Quinta. 12 de dezembro de 2013

GRANDES VIAGENS

O início
Viajei muito nesta vida. Muito.
Consta que uma das minhas primeiras palavras racionais – fora aquelas mã-mã-mã, pá-pá-pá – foram ditas num Costellation da Pluna – Primeras Líneas Uruguayas de Navegación Aérea. Balbuciei “papas fritas”. Me encheram o saco com isso muitos anos, mesmo sendo um bebê mais para raquítico.
Mais crescido lembro que vínhamos do Rio para Porto Alegre no mesmo tipo de avião, só que da Varig. Gostava daquela função de fazer mala, aeroporto, vomitar no saquinho, aquele que fica nas costas do banco da frente, tudo. Uma vez fui a Belo Horizonte de trem. Também gostei, porque fui com a minha mãe em uma cabine e só acordei quando chegamos à estação. Também, não tinha o saquinho.
No início dos anos 60, inventaram um inferno para mim. As longuíssimas viagens de ônibus, do Rio para Porto Alegre. Lembro da primeira, pela única empresa que a oferecia, a Penha. Não tínhamos ainda entrado na Dutra e eu já estava enjoado. Senti o que seria a empreitada. Era tão pequeno, que à noite minha mãe fez uma cama, com muitos cobertores, na frente do nosso banco e ela se acomodou na parte de cima.

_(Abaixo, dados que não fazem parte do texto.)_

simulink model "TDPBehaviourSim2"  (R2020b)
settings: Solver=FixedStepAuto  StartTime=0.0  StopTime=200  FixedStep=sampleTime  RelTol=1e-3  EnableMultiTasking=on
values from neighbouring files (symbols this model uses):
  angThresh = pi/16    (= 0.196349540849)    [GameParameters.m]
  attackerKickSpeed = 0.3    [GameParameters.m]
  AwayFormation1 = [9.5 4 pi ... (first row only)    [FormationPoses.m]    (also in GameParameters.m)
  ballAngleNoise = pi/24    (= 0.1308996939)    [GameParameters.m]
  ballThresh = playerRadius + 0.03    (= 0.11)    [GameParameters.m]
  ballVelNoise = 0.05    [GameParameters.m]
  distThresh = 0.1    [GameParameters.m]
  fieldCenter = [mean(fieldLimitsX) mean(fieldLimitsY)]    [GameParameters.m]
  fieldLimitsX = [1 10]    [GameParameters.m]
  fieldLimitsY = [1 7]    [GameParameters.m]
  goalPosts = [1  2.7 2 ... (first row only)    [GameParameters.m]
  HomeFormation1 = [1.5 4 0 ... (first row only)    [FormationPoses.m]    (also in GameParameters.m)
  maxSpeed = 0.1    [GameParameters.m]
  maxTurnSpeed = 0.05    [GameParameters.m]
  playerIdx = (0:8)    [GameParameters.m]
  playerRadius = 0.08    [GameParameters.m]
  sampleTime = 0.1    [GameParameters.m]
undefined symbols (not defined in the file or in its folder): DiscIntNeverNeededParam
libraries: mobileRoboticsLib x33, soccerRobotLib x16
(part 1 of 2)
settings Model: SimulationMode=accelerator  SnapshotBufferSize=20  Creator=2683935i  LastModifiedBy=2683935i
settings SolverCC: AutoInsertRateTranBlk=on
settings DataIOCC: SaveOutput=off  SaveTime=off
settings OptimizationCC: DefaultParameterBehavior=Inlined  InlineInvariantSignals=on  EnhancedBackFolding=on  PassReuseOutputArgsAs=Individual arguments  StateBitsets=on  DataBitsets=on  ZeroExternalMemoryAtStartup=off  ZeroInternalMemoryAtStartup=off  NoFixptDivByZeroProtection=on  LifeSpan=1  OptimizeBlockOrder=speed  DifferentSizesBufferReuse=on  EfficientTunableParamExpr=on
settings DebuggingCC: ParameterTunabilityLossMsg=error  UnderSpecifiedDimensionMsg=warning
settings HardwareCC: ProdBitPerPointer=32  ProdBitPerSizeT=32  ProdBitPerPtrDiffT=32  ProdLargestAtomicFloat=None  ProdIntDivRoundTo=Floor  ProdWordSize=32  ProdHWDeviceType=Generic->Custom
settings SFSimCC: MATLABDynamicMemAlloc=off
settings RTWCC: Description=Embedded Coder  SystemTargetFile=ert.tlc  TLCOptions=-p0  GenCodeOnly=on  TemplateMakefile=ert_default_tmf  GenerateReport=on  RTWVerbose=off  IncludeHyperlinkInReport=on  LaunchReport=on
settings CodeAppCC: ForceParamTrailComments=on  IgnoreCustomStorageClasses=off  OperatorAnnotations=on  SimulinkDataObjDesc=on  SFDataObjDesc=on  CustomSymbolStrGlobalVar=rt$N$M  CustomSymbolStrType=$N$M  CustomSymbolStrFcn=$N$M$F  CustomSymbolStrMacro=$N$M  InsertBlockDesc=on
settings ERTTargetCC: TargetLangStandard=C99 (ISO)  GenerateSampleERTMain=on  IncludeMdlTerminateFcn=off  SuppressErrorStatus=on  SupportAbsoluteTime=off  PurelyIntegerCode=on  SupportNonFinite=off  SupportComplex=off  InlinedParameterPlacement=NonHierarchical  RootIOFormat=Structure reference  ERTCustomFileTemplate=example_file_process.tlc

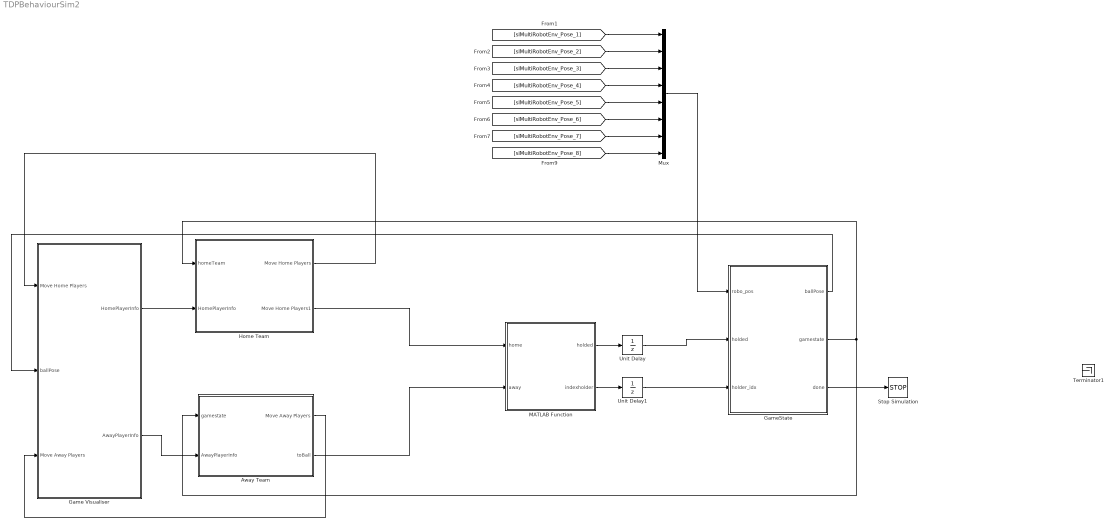
== system TDPBehaviourSim2 ==
  Away Team : Subsystem
  Game Visualiser : Subsystem
  GameState : Stateflow chart  TreatAsAtomicUnit=on
  Home Team : Subsystem
  MATLAB Function : MATLAB Function  TreatAsAtomicUnit=on
  Mux : Mux  Inputs=8
  Stop Simulation : Stop
  Terminator1 : Terminator
  Unit Delay : UnitDelay  SampleTime=-1  HasFrameUpgradeWarning=on
  Unit Delay1 : UnitDelay  SampleTime=-1  HasFrameUpgradeWarning=on
  wires:
  Home Team/1(Move Home Players) -> Game Visualiser/1(Move Home Players)
  Game Visualiser/1(HomePlayerInfo) -> Home Team/2(HomePlayerInfo)
  Game Visualiser/2(AwayPlayerInfo) -> Away Team/2(AwayPlayerInfo)
  [slMultiRobotEnv_Pose_4] -> Mux/4
  [slMultiRobotEnv_Pose_8] -> Mux/8
  [slMultiRobotEnv_Pose_1] -> Mux/1
  Mux/1 -> GameState/1(robo_pos)
  [slMultiRobotEnv_Pose_2] -> Mux/2
  [slMultiRobotEnv_Pose_3] -> Mux/3
  GameState/1(ballPose) -> Game Visualiser/2(ballPose)
  Home Team/2(Move Home Players1) -> MATLAB Function/1(home)
  GameState/3(done) -> Stop Simulation/1
  [slMultiRobotEnv_Pose_5] -> Mux/5
  [slMultiRobotEnv_Pose_6] -> Mux/6
  [slMultiRobotEnv_Pose_7] -> Mux/7
  GameState/2(gamestate) -> Away Team/1(gamestate), Home Team/1(homeTeam)
  MATLAB Function/2(indexholder) -> Unit Delay1/1
  Unit Delay1/1 -> GameState/3(holder_idx)
  MATLAB Function/1(holded) -> Unit Delay/1
  Unit Delay/1 -> GameState/2(holded)
  Away Team/2(toBall) -> MATLAB Function/2(away)
  Away Team/1(Move Away Players) -> Game Visualiser/3(Move Away Players)

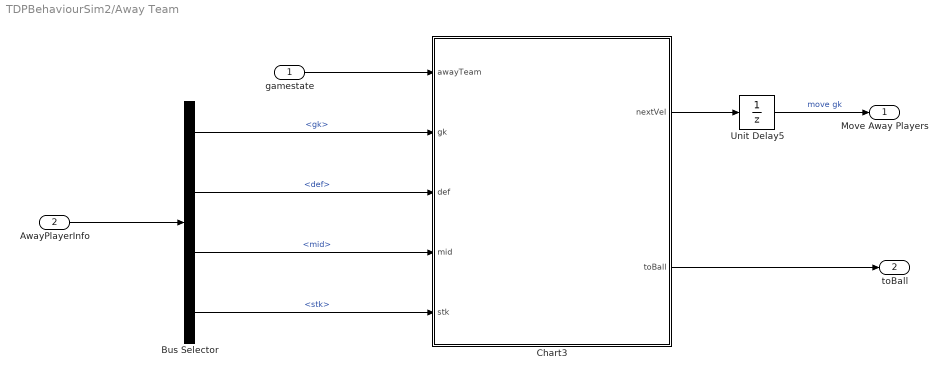
== system TDPBehaviourSim2/Away Team ==
  gamestate : Inport
  AwayPlayerInfo : Inport  Port=2
  Bus Selector : BusSelector  OutputSignals=gk,def,mid,stk
  Chart3 : Stateflow chart  TreatAsAtomicUnit=on
      settings: PortSchema="{\"entries\":[{\"content\":{\"sides\":[{\"content\":{\"connectorIds\":[\"In1\",\"In2\",\"In3\",\"In4\",\"In5\"]},\"type\":\"ConnectorPlacement.EquallySpacedRectSide\",\"uuid\":\"ebe0e1cb-6371-4bd3-ace0-cc5b71048631\"},{\"content\":{\"connectorIds\":[\"Out2\",\"Out1\"],\"side\":\"RIGHT\"},\"type\":\"ConnectorPlacement.EquallySpacedRectSide\",\"uuid\":\"57a2731b-5a64-47ed-8ccc-f0829cfb4352\"},{\"content\":{\"connectorIds\":[],\"side\":\"TOP\"},\"type\":\"ConnectorPlacement.EquallySpacedRectSide\",\"uuid\":\"36798d0f-f2da-4938-9b0d-f712c5a2717d\"},{\"content\":{\"connectorIds\":[],\"side\":\"HIDDEN\"},\"type\":\"ConnectorPlacement.EquallySpacedRectSide\",\"uuid\":\"e7d6e691-e5a0-4113-9f42-d5d110a4eaa7\"}]},\"type\":\"ConnectorPlacement.EquallySpacedConnector\",\"uuid\":\"d2e32adf-2fdb-404f-9614-4542aac92af5\"}],\"packageUris\":[\"http://schema.mathworks.com/mf0/Connector/R2020b\"],\"version\":\"1.0\"}"
  Unit Delay5 : UnitDelay  SampleTime=-1  HasFrameUpgradeWarning=on
  Move Away Players : Outport
  toBall : Outport  Port=2
  wires:
  Chart3/2(nextVel) -> Unit Delay5/1
  Unit Delay5/1 -> Move Away Players/1  "move gk"
  gamestate/1 -> Chart3/1(awayTeam)
  AwayPlayerInfo/1 -> Bus Selector/1
  Chart3/1(toBall) -> toBall/1
  Bus Selector/1 -> Chart3/2(gk)  "<gk>"
  Bus Selector/2 -> Chart3/3(def)  "<def>"
  Bus Selector/3 -> Chart3/4(mid)  "<mid>"
  Bus Selector/4 -> Chart3/5(stk)  "<stk>"

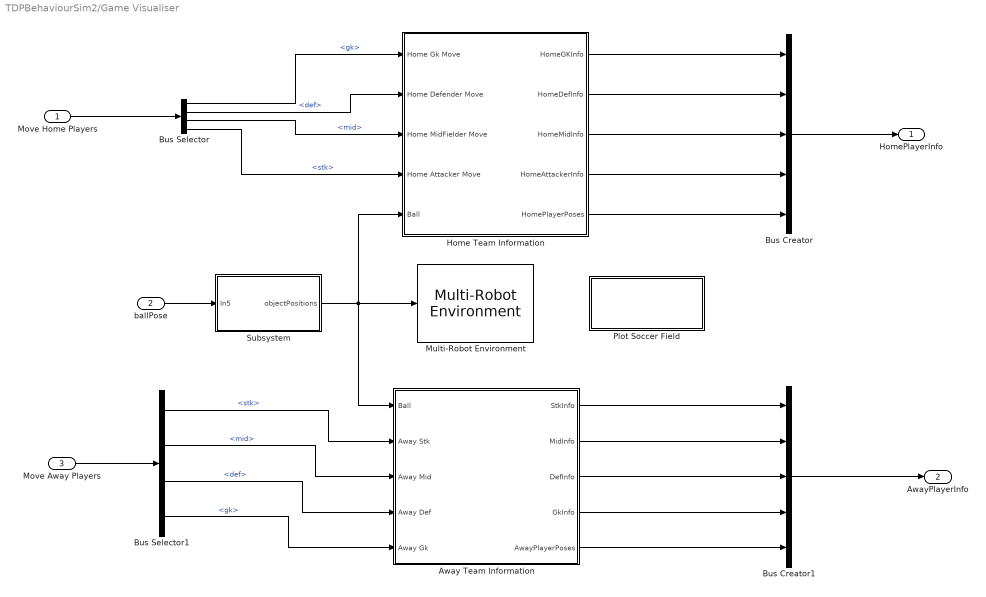
== system TDPBehaviourSim2/Game Visualiser ==
  Move Home Players : Inport
  ballPose : Inport  Port=2
  Move Away Players : Inport  Port=3
  Away Team Information : Subsystem
  Bus Creator : BusCreator  Inputs=5
  Bus Creator1 : BusCreator  Inputs=5
  Bus Selector : BusSelector  OutputSignals=gk,def,mid,stk
  Bus Selector1 : BusSelector  OutputSignals=stk,mid,def,gk
  Home Team Information : Subsystem
  Multi-Robot Environment : mobileRoboticsLib/Environments/Multi-Robot Environment  numRobots=numPlayers  mapName=map  showWaypoints=off  showObjects=on  objectColors=objColors  objectMarkers='o^^^^'  showRobotIds=on  plotSensorLines=off
      settings: SourceProductName=Mobile Robotics Simulation Toolbox
  Plot Soccer Field : MATLAB Function  TreatAsAtomicUnit=on
  Subsystem : Subsystem
  HomePlayerInfo : Outport
  AwayPlayerInfo : Outport  Port=2
  wires:
  Home Team Information/1(HomeGKInfo) -> Bus Creator/1
  Home Team Information/2(HomeDefInfo) -> Bus Creator/2
  Home Team Information/3(HomeMidInfo) -> Bus Creator/3
  Home Team Information/4(HomeAttackerInfo) -> Bus Creator/4
  Home Team Information/5(HomePlayerPoses) -> Bus Creator/5
  Away Team Information/1(StkInfo) -> Bus Creator1/1
  Away Team Information/2(MidInfo) -> Bus Creator1/2
  Away Team Information/3(DefInfo) -> Bus Creator1/3
  Away Team Information/4(GkInfo) -> Bus Creator1/4
  Away Team Information/5(AwayPlayerPoses) -> Bus Creator1/5
  Subsystem/1(objectPositions) -> Multi-Robot Environment/1, Away Team Information/1(Ball), Home Team Information/5(Ball)
  ballPose/1 -> Subsystem/1(In5)
  Move Away Players/1 -> Bus Selector1/1
  Bus Creator/1 -> HomePlayerInfo/1
  Bus Creator1/1 -> AwayPlayerInfo/1
  Move Home Players/1 -> Bus Selector/1
  Bus Selector/1 -> Home Team Information/1(Home Gk Move)  "<gk>"
  Bus Selector/2 -> Home Team Information/2(Home Defender Move)  "<def>"
  Bus Selector/3 -> Home Team Information/3(Home MidFielder Move)  "<mid>"
  Bus Selector/4 -> Home Team Information/4(Home Attacker Move)  "<stk>"
  Bus Selector1/1 -> Away Team Information/2(Away Stk)  "<stk>"
  Bus Selector1/2 -> Away Team Information/3(Away Mid)  "<mid>"
  Bus Selector1/3 -> Away Team Information/4(Away Def)  "<def>"
  Bus Selector1/4 -> Away Team Information/5("Away Gk ")  "<gk>"

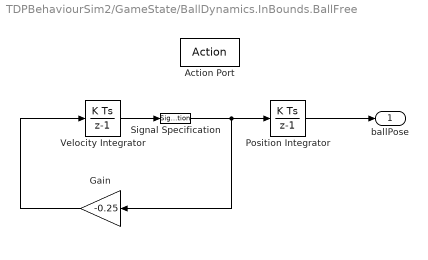
== system TDPBehaviourSim2/GameState/BallDynamics.InBounds.BallFree ==
  Action Port : ActionPort
      settings: CopyFcn=Stateflow.SLINSF.SimulinkMan.removeBlockPreDeleteFcn  PreDeleteFcn=Stateflow.SLINSF.SimulinkMan.unsafePredeleteFcn
  Gain : Gain  Gain=-0.25
  Position Integrator : DiscreteIntegrator  InitialCondition=fieldCenter  SampleTime=-1  StateName=ballPos  ICPrevOutput=DiscIntNeverNeededParam  ICPrevScaledInput=DiscIntNeverNeededParam
  Signal Specification : SignalSpecification  Dimensions=[1 2]
  Velocity Integrator : DiscreteIntegrator  InitialCondition=[0 0]  SampleTime=-1  StateName=ballVel  ICPrevOutput=DiscIntNeverNeededParam  ICPrevScaledInput=DiscIntNeverNeededParam
  ballPose : Outport  VectorParamsAs1DForOutWhenUnconnected=off
  wires:
  Gain/1 -> Velocity Integrator/1
  Velocity Integrator/1 -> Signal Specification/1
  Position Integrator/1 -> ballPose/1
  Signal Specification/1 -> Position Integrator/1, Gain/1

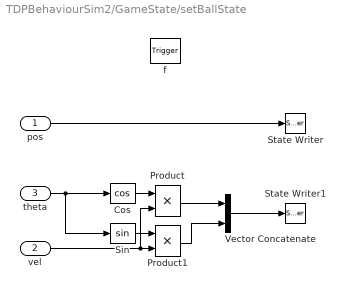
== system TDPBehaviourSim2/GameState/setBallState ==
  pos : Inport  OutDataTypeStr=double  PortDimensions=[1 2]
  vel : Inport  Port=2  OutDataTypeStr=double  PortDimensions=1
  theta : Inport  Port=3  OutDataTypeStr=double  PortDimensions=1
  f : TriggerPort  TriggerType=function-call  VariantControl=(inherit)
      settings: CopyFcn=Stateflow.SLINSF.SimulinkMan.removeBlockPreDeleteFcn  PreDeleteFcn=Stateflow.SLINSF.SimulinkMan.unsafePredeleteFcn
  Cos : Trigonometry  Operator=cos
  Product : Product
  Product1 : Product
  Sin : Trigonometry
  State Writer : StateWriter  StateOwnerBlock=../../BallDynamics.InBounds.BallFree/Position Integrator  StateName=ballPos
  State Writer1 : StateWriter  StateOwnerBlock=../../BallDynamics.InBounds.BallFree/Velocity Integrator  StateName=ballVel
  Vector Concatenate : Concatenate  Mode=Multidimensional array  ConcatenateDimension=2
  wires:
  Vector Concatenate/1 -> State Writer1/1
  Product1/1 -> Vector Concatenate/2
  Product/1 -> Vector Concatenate/1
  theta/1 -> Cos/1, Sin/1
  Sin/1 -> Product1/1
  vel/1 -> Product1/2, Product/2
  Cos/1 -> Product/1
  pos/1 -> State Writer/1

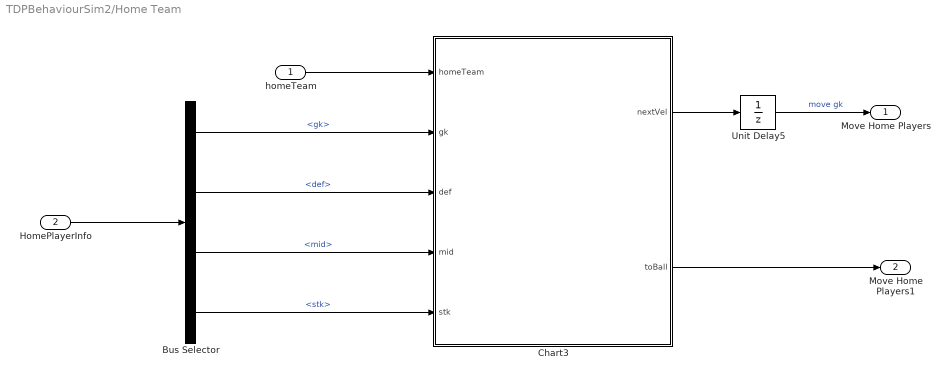
== system TDPBehaviourSim2/Home Team ==
  homeTeam : Inport
  HomePlayerInfo : Inport  Port=2
  Bus Selector : BusSelector  OutputSignals=gk,def,mid,stk
  Chart3 : Stateflow chart  TreatAsAtomicUnit=on
      settings: PortSchema="{\"entries\":[{\"content\":{\"sides\":[{\"content\":{\"connectorIds\":[\"In1\",\"In2\",\"In3\",\"In4\",\"In5\"]},\"type\":\"ConnectorPlacement.EquallySpacedRectSide\",\"uuid\":\"ebe0e1cb-6371-4bd3-ace0-cc5b71048631\"},{\"content\":{\"connectorIds\":[\"Out2\",\"Out1\"],\"side\":\"RIGHT\"},\"type\":\"ConnectorPlacement.EquallySpacedRectSide\",\"uuid\":\"57a2731b-5a64-47ed-8ccc-f0829cfb4352\"},{\"content\":{\"connectorIds\":[],\"side\":\"TOP\"},\"type\":\"ConnectorPlacement.EquallySpacedRectSide\",\"uuid\":\"36798d0f-f2da-4938-9b0d-f712c5a2717d\"},{\"content\":{\"connectorIds\":[],\"side\":\"HIDDEN\"},\"type\":\"ConnectorPlacement.EquallySpacedRectSide\",\"uuid\":\"e7d6e691-e5a0-4113-9f42-d5d110a4eaa7\"}]},\"type\":\"ConnectorPlacement.EquallySpacedConnector\",\"uuid\":\"d2e32adf-2fdb-404f-9614-4542aac92af5\"}],\"packageUris\":[\"http://schema.mathworks.com/mf0/Connector/R2020b\"],\"version\":\"1.0\"}"
  Unit Delay5 : UnitDelay  SampleTime=-1  HasFrameUpgradeWarning=on
  Move Home Players : Outport
  Move Home Players1 : Outport  Port=2
  wires:
  HomePlayerInfo/1 -> Bus Selector/1
  Bus Selector/2 -> Chart3/3(def)  "<def>"
  Bus Selector/3 -> Chart3/4(mid)  "<mid>"
  Bus Selector/4 -> Chart3/5(stk)  "<stk>"
  Bus Selector/1 -> Chart3/2(gk)  "<gk>"
  Chart3/1(toBall) -> Move Home Players1/1
  Chart3/2(nextVel) -> Unit Delay5/1
  Unit Delay5/1 -> Move Home Players/1  "move gk"
  homeTeam/1 -> Chart3/1(homeTeam)

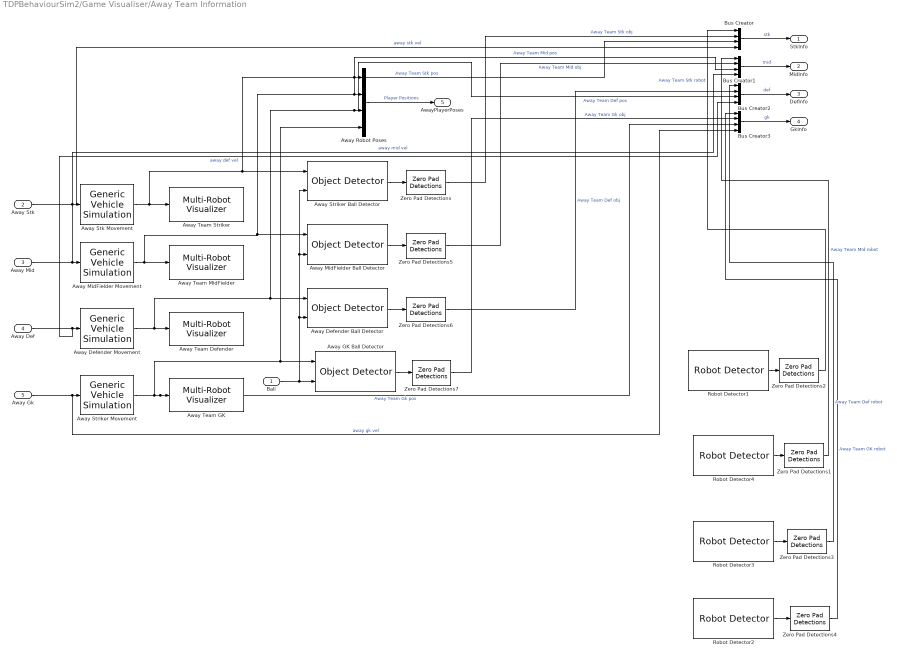
== system TDPBehaviourSim2/Game Visualiser/Away Team Information ==
  Ball : Inport
  Away Stk : Inport  Port=2
  Away Mid : Inport  Port=3
  Away Def : Inport  Port=4
  "Away Gk " : Inport  Port=5
  Away Defender Ball Detector : mobileRoboticsLib/Environments/Object Detector  mapName=map  sensorOffset=objDetectorOffset  sensorAngle=objDetectorAngle  fieldOfView=objDetectorFOV  maxRange=objDetectorRange  maxDetections=objDetectorMaxHits  sampleTime=sampleTime
      settings: SourceProductName=Mobile Robotics Simulation Toolbox
  Away Defender Movement : mobileRoboticsLib/Utilities/Generic Vehicle Simulation  initX=AwayFormation1(2,1)  initY=AwayFormation1(2,2)  initAngle=AwayFormation1(2,3)  Ts=sampleTime
      settings: SourceProductName=Mobile Robotics Simulation Toolbox
  Away GK Ball Detector : mobileRoboticsLib/Environments/Object Detector  mapName=map  sensorOffset=objDetectorOffset  sensorAngle=objDetectorAngle  fieldOfView=objDetectorFOV  maxRange=objDetectorRange  maxDetections=objDetectorMaxHits  sampleTime=sampleTime
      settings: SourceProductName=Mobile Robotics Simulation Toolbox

Mesmo criança não conseguia dormir, porque a BR-116 estava ainda sendo concluída e eram muitos os trechos completamente esburacados e mesmo sem uma estrada, de fato.
As viagens de ônibus eram uma constante nas férias. Eu não tinha opção. Uma exceção foi um vôo onde estavam também o meu pai e meu irmão e viemos para Porto Alegre com um Electra da Varig. Mas de POA a Caxias do Sul? Ônibus. POA a Jaguarão? Ônibus. Já tinha feito vestibular e encarava o Penha. De Porto Alegre para São Paulo tinha o Minuano, horrível também.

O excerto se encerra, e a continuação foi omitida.